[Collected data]
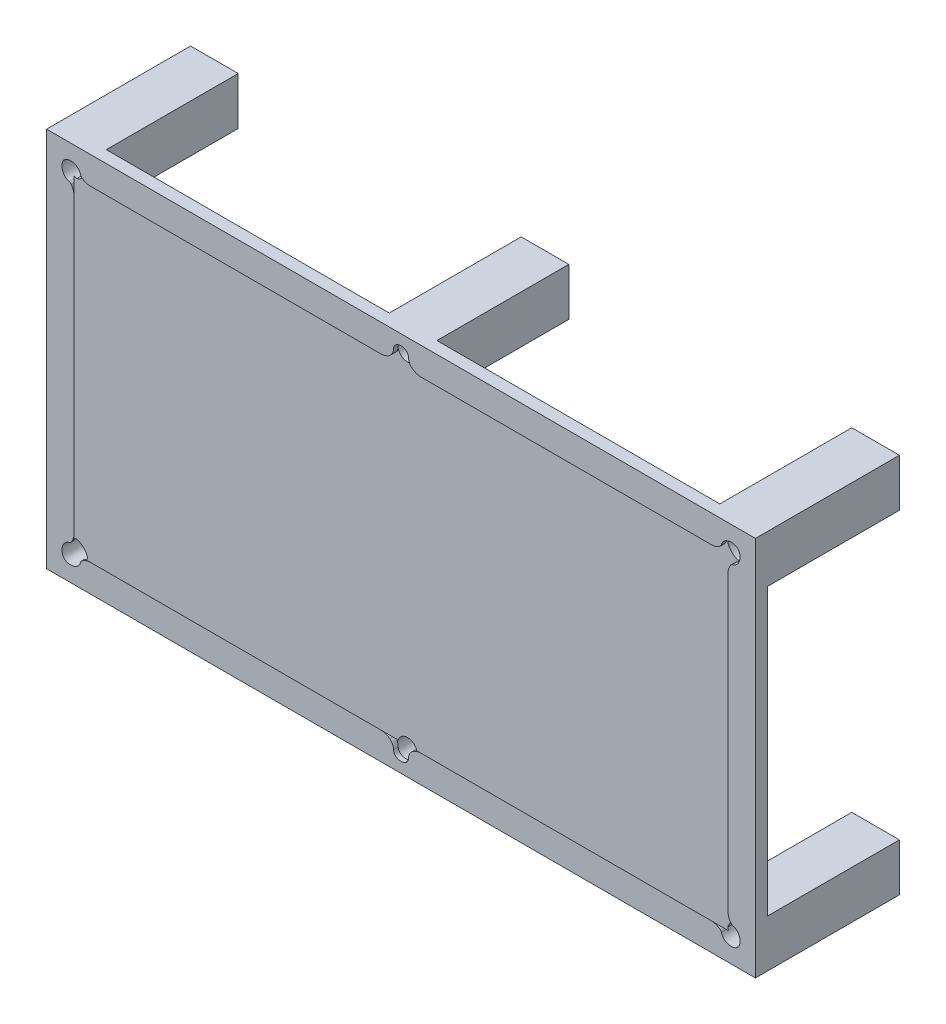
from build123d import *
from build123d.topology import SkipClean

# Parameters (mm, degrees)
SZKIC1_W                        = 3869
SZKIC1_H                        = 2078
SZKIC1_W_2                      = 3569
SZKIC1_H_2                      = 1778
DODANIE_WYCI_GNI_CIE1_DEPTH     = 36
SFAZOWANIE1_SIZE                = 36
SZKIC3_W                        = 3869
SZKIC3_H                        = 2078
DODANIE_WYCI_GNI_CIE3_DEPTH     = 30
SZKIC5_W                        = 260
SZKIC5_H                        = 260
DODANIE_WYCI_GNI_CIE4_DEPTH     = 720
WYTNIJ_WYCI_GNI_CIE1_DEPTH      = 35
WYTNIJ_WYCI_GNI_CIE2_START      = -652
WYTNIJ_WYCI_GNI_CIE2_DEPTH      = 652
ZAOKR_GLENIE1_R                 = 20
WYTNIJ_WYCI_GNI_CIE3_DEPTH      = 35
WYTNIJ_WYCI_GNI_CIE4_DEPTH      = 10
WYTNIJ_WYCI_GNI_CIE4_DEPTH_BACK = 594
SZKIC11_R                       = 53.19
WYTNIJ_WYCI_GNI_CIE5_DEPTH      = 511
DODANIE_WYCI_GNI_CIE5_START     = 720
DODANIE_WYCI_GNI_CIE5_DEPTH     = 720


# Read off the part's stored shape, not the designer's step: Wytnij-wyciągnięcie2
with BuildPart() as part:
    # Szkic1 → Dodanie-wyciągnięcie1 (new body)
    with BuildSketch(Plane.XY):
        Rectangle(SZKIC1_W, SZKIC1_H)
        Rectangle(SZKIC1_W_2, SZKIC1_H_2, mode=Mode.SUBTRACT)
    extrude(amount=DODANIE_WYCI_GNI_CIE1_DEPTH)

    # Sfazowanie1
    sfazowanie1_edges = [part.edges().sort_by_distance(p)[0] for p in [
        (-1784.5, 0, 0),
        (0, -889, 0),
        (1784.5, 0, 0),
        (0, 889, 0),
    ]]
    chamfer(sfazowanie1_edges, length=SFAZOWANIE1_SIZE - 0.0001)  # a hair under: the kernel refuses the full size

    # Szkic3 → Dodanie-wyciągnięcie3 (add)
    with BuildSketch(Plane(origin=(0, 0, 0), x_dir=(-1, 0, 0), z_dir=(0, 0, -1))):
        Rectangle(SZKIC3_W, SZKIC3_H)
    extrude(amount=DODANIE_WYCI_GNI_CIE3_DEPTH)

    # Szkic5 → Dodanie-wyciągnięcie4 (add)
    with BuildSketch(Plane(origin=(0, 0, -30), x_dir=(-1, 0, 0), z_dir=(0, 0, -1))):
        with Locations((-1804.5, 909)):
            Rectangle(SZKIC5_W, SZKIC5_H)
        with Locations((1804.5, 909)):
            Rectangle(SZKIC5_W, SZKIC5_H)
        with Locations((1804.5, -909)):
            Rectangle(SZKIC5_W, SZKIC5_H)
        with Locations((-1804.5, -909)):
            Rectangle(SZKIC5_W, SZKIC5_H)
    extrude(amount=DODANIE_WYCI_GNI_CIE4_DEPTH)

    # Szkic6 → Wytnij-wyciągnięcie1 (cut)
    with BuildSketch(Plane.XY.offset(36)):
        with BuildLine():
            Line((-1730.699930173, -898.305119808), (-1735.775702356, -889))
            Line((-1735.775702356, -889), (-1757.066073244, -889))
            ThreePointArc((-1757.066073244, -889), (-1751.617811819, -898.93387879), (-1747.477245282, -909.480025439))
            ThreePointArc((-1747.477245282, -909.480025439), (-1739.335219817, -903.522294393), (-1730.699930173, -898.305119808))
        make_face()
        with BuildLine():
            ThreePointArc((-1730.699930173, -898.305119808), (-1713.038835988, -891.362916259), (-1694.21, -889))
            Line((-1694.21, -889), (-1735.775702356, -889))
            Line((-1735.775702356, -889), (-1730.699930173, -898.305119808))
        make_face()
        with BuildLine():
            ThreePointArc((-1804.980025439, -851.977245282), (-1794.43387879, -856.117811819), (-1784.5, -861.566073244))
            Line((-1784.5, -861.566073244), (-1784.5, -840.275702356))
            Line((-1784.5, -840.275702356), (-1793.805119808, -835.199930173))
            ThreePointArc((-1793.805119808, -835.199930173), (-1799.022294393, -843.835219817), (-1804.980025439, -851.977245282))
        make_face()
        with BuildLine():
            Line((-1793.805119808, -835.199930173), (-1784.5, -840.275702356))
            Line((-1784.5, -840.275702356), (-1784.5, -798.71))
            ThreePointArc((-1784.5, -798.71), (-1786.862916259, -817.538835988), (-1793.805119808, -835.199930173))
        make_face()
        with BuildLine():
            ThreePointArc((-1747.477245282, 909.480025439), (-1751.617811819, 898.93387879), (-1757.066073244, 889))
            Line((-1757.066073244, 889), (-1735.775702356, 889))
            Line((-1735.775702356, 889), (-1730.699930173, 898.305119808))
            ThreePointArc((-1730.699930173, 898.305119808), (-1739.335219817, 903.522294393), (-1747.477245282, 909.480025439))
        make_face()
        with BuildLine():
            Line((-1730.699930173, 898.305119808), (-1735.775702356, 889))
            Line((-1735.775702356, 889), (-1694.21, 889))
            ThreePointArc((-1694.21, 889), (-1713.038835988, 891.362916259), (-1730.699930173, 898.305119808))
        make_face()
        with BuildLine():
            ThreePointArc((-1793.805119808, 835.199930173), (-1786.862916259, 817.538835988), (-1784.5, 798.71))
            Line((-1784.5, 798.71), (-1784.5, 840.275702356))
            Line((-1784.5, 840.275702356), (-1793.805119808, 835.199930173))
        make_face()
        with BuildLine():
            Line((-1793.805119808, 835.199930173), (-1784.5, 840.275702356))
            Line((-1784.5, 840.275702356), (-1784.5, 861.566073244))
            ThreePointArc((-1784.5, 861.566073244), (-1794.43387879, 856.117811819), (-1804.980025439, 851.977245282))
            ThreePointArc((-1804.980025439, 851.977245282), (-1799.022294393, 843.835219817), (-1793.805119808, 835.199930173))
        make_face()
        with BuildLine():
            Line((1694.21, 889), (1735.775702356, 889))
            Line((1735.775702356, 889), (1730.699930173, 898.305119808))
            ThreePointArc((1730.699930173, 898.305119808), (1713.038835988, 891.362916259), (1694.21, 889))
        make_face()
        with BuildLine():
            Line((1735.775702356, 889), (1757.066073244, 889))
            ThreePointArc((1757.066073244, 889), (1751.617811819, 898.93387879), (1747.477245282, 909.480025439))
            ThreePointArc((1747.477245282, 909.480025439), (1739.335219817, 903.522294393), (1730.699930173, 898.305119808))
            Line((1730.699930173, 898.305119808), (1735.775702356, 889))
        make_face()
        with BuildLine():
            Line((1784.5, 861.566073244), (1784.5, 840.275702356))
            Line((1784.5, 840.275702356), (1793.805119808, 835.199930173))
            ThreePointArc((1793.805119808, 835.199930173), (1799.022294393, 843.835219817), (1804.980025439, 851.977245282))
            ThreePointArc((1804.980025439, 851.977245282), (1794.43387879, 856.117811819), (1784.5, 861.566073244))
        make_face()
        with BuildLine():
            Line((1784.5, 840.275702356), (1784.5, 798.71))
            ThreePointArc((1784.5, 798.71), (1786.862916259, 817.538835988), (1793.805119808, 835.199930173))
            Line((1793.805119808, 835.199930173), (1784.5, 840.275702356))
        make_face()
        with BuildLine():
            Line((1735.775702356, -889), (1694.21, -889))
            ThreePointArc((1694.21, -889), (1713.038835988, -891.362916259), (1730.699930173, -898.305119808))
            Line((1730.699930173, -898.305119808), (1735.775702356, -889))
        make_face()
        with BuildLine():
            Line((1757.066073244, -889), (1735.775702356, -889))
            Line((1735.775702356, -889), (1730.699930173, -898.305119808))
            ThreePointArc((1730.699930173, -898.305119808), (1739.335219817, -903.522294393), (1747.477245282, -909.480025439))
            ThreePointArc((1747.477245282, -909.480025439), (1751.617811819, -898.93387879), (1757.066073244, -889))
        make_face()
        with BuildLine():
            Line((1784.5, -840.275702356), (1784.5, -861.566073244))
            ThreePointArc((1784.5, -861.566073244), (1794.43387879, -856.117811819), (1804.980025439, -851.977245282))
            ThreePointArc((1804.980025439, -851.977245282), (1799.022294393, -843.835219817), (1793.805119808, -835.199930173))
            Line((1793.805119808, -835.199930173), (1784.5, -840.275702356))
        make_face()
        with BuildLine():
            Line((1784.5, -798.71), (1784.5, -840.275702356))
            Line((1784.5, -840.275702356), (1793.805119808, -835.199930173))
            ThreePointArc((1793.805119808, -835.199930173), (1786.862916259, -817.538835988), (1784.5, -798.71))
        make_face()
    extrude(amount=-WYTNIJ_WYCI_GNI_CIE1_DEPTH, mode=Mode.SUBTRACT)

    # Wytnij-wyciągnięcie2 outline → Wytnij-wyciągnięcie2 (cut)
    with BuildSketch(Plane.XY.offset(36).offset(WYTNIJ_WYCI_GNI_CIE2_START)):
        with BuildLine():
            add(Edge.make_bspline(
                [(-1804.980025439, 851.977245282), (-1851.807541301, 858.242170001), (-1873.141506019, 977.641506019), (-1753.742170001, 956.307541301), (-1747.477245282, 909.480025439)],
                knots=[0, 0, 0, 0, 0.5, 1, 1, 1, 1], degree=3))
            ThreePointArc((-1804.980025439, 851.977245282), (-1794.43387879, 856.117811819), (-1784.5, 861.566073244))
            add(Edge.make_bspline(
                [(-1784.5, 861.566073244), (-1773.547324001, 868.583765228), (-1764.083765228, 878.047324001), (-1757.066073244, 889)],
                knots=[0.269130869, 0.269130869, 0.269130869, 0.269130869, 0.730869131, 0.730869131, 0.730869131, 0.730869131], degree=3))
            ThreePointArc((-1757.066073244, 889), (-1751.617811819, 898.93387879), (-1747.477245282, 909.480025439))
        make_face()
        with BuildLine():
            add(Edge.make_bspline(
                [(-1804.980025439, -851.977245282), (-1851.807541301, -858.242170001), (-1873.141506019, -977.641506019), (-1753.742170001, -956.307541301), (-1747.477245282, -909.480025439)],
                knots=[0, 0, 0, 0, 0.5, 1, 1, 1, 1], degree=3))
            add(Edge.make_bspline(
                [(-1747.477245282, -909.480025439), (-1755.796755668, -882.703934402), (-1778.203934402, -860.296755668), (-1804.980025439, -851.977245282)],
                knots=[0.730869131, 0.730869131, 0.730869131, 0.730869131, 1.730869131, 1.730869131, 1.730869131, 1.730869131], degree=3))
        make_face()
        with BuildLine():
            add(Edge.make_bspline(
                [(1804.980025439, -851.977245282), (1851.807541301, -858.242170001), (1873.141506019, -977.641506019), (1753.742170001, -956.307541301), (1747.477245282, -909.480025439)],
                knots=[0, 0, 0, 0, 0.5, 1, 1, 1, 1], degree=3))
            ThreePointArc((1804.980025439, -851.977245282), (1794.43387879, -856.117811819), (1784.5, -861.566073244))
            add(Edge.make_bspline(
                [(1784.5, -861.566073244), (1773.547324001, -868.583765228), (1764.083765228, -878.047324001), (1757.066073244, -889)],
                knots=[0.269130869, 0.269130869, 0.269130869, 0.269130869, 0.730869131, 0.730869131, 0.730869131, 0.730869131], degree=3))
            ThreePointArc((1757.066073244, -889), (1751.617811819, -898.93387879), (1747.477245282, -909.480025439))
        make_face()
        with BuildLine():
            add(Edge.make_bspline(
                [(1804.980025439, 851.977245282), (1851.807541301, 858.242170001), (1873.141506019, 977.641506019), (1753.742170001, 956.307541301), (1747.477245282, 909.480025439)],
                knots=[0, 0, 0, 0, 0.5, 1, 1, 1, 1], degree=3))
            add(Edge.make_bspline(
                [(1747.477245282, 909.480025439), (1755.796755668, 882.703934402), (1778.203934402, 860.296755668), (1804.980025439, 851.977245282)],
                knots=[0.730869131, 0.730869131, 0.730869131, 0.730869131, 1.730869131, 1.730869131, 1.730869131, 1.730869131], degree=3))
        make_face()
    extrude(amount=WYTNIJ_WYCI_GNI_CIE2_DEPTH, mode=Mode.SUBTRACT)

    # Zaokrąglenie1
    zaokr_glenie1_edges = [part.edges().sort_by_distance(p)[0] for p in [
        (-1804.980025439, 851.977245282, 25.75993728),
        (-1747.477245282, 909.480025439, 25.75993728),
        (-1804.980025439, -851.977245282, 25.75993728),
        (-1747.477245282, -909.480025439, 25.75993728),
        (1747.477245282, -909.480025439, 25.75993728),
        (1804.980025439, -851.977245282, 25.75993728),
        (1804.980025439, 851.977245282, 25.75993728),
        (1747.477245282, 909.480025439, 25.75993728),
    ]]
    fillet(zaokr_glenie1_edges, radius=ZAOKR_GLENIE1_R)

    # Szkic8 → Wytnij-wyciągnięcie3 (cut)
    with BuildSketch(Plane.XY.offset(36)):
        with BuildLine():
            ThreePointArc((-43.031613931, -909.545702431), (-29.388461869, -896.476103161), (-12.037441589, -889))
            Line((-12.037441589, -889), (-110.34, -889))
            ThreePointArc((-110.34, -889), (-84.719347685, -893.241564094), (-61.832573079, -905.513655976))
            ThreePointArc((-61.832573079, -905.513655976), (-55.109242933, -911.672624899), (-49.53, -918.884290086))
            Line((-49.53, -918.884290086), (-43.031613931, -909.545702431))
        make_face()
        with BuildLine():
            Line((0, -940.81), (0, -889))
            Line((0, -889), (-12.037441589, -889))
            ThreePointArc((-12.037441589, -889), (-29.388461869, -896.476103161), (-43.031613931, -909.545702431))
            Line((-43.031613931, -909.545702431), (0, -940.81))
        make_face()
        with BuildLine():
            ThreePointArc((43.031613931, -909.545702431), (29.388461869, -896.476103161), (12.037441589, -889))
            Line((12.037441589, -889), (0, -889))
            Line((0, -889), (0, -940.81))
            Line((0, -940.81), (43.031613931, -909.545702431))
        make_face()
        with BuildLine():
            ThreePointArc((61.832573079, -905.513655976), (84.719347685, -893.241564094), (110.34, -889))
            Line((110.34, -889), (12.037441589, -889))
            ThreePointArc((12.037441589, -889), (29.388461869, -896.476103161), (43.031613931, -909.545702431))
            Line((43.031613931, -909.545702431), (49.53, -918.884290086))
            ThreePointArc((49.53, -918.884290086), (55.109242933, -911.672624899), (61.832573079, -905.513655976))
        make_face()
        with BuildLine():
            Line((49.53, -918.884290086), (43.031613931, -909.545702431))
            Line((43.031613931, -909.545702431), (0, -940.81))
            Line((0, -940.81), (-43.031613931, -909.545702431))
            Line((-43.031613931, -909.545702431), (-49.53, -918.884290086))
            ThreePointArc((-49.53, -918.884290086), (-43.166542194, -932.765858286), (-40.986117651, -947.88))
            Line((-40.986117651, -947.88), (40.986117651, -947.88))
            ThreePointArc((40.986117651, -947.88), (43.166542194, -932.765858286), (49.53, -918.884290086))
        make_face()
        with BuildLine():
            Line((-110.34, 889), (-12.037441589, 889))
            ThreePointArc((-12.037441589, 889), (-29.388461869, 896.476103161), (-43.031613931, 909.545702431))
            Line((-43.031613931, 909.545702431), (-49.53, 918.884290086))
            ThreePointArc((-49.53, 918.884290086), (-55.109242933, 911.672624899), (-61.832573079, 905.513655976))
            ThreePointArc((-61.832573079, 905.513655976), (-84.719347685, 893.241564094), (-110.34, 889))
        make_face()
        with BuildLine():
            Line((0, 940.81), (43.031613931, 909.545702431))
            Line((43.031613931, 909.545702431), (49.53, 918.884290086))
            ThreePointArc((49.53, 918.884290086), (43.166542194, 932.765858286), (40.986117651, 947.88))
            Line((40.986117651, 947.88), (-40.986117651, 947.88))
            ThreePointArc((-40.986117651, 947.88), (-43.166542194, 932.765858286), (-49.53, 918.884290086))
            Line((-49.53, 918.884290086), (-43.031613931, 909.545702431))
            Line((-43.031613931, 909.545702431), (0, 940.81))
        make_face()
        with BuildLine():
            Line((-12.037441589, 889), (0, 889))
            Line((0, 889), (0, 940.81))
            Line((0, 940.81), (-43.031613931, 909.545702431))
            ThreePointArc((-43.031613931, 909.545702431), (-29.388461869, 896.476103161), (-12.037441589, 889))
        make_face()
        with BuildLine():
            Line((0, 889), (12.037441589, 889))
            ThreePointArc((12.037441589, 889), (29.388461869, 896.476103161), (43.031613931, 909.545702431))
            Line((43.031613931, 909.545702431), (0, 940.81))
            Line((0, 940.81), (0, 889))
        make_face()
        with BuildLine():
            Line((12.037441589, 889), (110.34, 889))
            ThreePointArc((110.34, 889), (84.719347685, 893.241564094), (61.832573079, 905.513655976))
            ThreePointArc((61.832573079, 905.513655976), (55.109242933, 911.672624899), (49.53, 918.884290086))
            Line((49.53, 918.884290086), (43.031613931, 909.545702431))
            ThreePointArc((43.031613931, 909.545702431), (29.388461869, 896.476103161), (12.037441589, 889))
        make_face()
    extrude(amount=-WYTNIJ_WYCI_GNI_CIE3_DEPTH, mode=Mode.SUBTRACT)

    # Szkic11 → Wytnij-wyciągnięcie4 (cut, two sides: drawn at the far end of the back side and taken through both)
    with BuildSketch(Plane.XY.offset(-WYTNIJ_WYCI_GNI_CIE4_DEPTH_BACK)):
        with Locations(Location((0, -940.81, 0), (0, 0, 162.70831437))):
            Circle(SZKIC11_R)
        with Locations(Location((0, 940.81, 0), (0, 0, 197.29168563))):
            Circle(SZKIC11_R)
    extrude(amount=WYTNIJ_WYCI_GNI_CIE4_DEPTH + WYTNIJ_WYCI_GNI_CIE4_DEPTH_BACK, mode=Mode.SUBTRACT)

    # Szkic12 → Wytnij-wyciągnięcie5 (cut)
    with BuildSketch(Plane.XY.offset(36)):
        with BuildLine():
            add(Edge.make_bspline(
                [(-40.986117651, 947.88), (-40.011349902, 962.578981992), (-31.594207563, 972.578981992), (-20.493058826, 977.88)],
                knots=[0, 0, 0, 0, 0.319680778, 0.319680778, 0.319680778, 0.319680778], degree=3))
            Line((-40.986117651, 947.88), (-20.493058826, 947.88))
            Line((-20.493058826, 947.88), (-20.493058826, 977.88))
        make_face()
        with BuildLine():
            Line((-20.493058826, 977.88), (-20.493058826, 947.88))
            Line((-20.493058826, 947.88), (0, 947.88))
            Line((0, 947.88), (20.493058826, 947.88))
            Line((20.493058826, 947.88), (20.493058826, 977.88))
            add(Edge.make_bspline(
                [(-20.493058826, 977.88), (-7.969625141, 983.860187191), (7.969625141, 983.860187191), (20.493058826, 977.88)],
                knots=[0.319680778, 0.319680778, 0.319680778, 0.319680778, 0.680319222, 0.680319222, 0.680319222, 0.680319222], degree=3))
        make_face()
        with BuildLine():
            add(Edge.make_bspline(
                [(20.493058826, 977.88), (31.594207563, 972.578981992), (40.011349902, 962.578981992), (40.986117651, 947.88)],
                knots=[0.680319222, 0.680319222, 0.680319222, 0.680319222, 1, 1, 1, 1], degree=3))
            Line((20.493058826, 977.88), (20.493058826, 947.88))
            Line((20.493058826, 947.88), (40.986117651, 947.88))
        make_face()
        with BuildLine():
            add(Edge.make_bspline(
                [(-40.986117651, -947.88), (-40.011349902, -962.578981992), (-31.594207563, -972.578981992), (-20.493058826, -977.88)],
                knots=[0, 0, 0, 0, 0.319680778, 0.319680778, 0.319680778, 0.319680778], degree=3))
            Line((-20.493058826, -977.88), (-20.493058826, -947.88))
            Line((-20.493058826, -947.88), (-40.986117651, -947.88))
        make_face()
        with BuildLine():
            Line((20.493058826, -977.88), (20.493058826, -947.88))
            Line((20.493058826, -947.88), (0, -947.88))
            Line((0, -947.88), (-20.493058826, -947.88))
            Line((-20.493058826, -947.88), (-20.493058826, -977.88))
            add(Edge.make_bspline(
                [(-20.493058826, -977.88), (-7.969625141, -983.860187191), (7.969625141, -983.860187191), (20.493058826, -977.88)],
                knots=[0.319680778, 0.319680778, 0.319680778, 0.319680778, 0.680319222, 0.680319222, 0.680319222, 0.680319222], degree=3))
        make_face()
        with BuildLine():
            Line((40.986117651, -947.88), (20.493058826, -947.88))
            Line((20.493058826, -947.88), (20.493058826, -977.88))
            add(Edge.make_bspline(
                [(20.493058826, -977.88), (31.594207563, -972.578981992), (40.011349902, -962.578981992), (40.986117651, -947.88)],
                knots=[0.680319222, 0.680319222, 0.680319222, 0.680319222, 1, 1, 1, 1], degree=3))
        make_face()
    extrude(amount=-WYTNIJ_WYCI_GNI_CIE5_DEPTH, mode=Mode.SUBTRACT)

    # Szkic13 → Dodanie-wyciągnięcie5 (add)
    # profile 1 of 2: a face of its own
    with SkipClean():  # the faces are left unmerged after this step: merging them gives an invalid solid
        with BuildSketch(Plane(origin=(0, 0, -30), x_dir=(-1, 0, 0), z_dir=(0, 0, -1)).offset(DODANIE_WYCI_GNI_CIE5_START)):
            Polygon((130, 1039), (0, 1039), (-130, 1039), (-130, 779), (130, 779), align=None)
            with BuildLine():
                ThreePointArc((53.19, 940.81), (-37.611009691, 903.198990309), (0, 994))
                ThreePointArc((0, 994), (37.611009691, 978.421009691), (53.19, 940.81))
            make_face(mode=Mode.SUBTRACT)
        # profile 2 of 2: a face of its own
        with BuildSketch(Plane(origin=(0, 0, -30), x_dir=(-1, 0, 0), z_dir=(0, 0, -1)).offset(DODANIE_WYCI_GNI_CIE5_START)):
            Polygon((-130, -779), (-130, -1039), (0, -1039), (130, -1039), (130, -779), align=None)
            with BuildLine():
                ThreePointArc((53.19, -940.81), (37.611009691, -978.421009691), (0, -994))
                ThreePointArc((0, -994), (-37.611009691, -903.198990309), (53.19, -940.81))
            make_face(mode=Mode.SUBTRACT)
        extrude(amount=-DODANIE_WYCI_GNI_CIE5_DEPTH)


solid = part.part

Exercise goal:
Show each line of the data that contains the string "BuildSketch".

Task response:
    with BuildSketch(Plane.XY):
    with BuildSketch(Plane(origin=(0, 0, 0), x_dir=(-1, 0, 0), z_dir=(0, 0, -1))):
    with BuildSketch(Plane(origin=(0, 0, -30), x_dir=(-1, 0, 0), z_dir=(0, 0, -1))):
    with BuildSketch(Plane.XY.offset(36)):
    with BuildSketch(Plane.XY.offset(36).offset(WYTNIJ_WYCI_GNI_CIE2_START)):
    with BuildSketch(Plane.XY.offset(36)):
    with BuildSketch(Plane.XY.offset(-WYTNIJ_WYCI_GNI_CIE4_DEPTH_BACK)):
    with BuildSketch(Plane.XY.offset(36)):
        with BuildSketch(Plane(origin=(0, 0, -30), x_dir=(-1, 0, 0), z_dir=(0, 0, -1)).offset(DODANIE_WYCI_GNI_CIE5_START)):
        with BuildSketch(Plane(origin=(0, 0, -30), x_dir=(-1, 0, 0), z_dir=(0, 0, -1)).offset(DODANIE_WYCI_GNI_CIE5_START)):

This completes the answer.